For her, it was just a natural offshoot of life online. While she was a junior, Doherty and a friend downloaded a Python bot from GitHub and sold it to Instagram photographers to help them get better engagement through niche hashtags and locations. “I was ducking out of classes to answer customer service calls like, ‘Hello, let me get Paige on the phone. … Hi, this is Paige,’” she said. “We had maybe three paying customers, and one of them was my mom.”
Doherty fell into building an angel investing syndicate by accident, after start-up founders approached her because they liked her drive to make investing more accessible. She has deployed about $300,000, raising money from established VCs and people doing this for the first time, which helps get around restrictions around accredited investors.
“As long as you don’t invest your own money but you organize it, you are able to build a track record, which seems like a very viable way forward for a lot more underrepresented folks to get into investing,” Doherty said.
Goldberg said the ability to make change from the inside provided her all the more reason to stay. “There were countless times, even in my short career, that I’ve been the only female square on the Zoom call,” she said.
Former Kleiner Perkins investor Pao, who co-founded the nonprofit Project Include, which promotes diversity and accountability in the tech industry, said the vast difference in experience between Gen Z and established investors makes their presence less threatening, which in turn makes it harder to break down systemic issues. “If you have somebody straight out of school, you can always take their projects from them. That’s what I worry about,” she said. “I hope I’m wrong.”
She noted the pattern she experienced at Kleiner, with women with a great track record of bringing in lucrative deals not getting promoted, because of claims they did not have sufficient operating experience or experience founding a company or taking one public.
Some in the new class of investors are already disillusioned with the idealized version of diversifying venture capital and ready to take aim at structural forces.
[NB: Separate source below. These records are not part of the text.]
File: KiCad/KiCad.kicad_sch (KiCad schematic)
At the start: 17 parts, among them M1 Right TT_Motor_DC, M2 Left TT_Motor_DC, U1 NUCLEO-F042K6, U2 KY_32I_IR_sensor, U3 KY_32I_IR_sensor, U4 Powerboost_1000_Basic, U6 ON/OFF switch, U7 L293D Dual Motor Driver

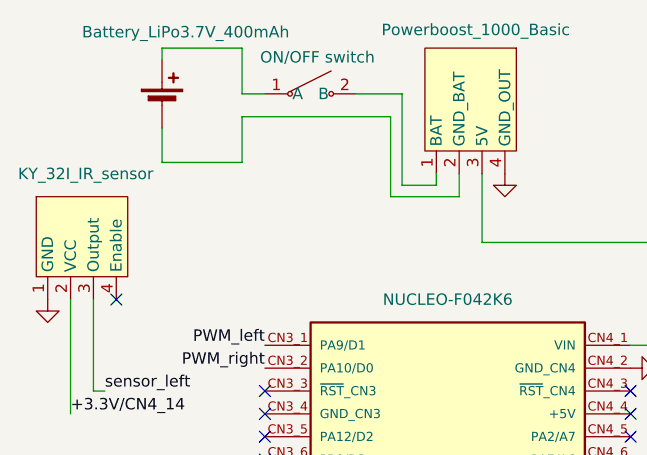
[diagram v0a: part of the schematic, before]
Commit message: Added images
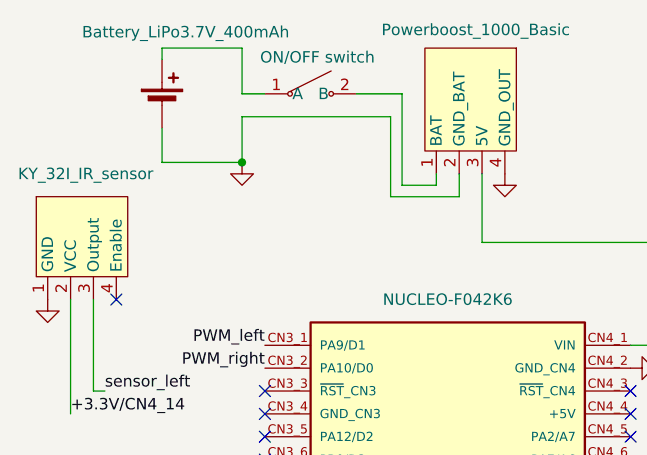
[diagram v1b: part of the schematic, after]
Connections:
- net GND: now also BT2.2 (-), U4.2 (GND_BAT)
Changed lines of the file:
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@@
+		(color 0 0 0 0)
+	)
+	(junction
+		(at 124.46 63.5)
+		(diameter 0)
 		(color 0 0 0 0)
 	)
@@
 					(unit 1)
 				)
+			)
+		)
+	)
+	(symbol
+		(lib_id "power:GND")
+		(at 124.46 63.5 0)
+		(unit 1)
+		(exclude_from_sim no)
+		(in_bom yes)
+		(on_board yes)
+		(dnp no)
+		(property "Reference" "#PWR017"
+			(at 124.46 69.85 0)
+			(effects
+				(font
+					(size 1.27 1.27)
+				)
+				(hide yes)
+			)
+		)
+		(property "Value" "GND"
+			(at 122.174 63.754 0)
+			(effects
+				(font
+					(size 1.27 1.27)
+				)
+				(hide yes)
+			)
+		)
+		(property "Footprint" ""
+			(at 124.46 63.5 0)
+			(effects
+				(font
+					(size 1.27 1.27)
+				)
+				(hide yes)
+			)
+		)
+		(property "Datasheet" ""
+			(at 124.46 63.5 0)
+			(effects
+				(font
+					(size 1.27 1.27)
+				)
+				(hide yes)
+			)
+		)
+		(property "Description" "Power symbol creates a global label with name \"GND\" , ground"
+			(at 124.46 63.5 0)
+			(effects
+				(font
+					(size 1.27 1.27)
+				)
+				(hide yes)
+			)
+		)
+		(pin "1"
+		)
+		(instances
+			(project "KiCad"
+				(path "/bd8a75cf-984f-4cb2-9f9a-71d40c52f87c"
+					(reference "#PWR017")
+					(unit 1)
+				)

Wu quit Notation last month after growing to dislike the role of gatekeeper. “It was a rude awakening to understanding that venture capital at the end of the day is a numbers game,” she said.
Wu had gone into it hoping to invest in more women but found that meetings often depended on the partners’ network, a strata that is still overwhelmingly White, male and from the same class. “Perceived authority is really hard to step into,” particularly for people of color, said Wu, who grew up in mainland China and Hong Kong. “Hiring is like a Band-Aid,” she said. “The work doesn’t stop there.”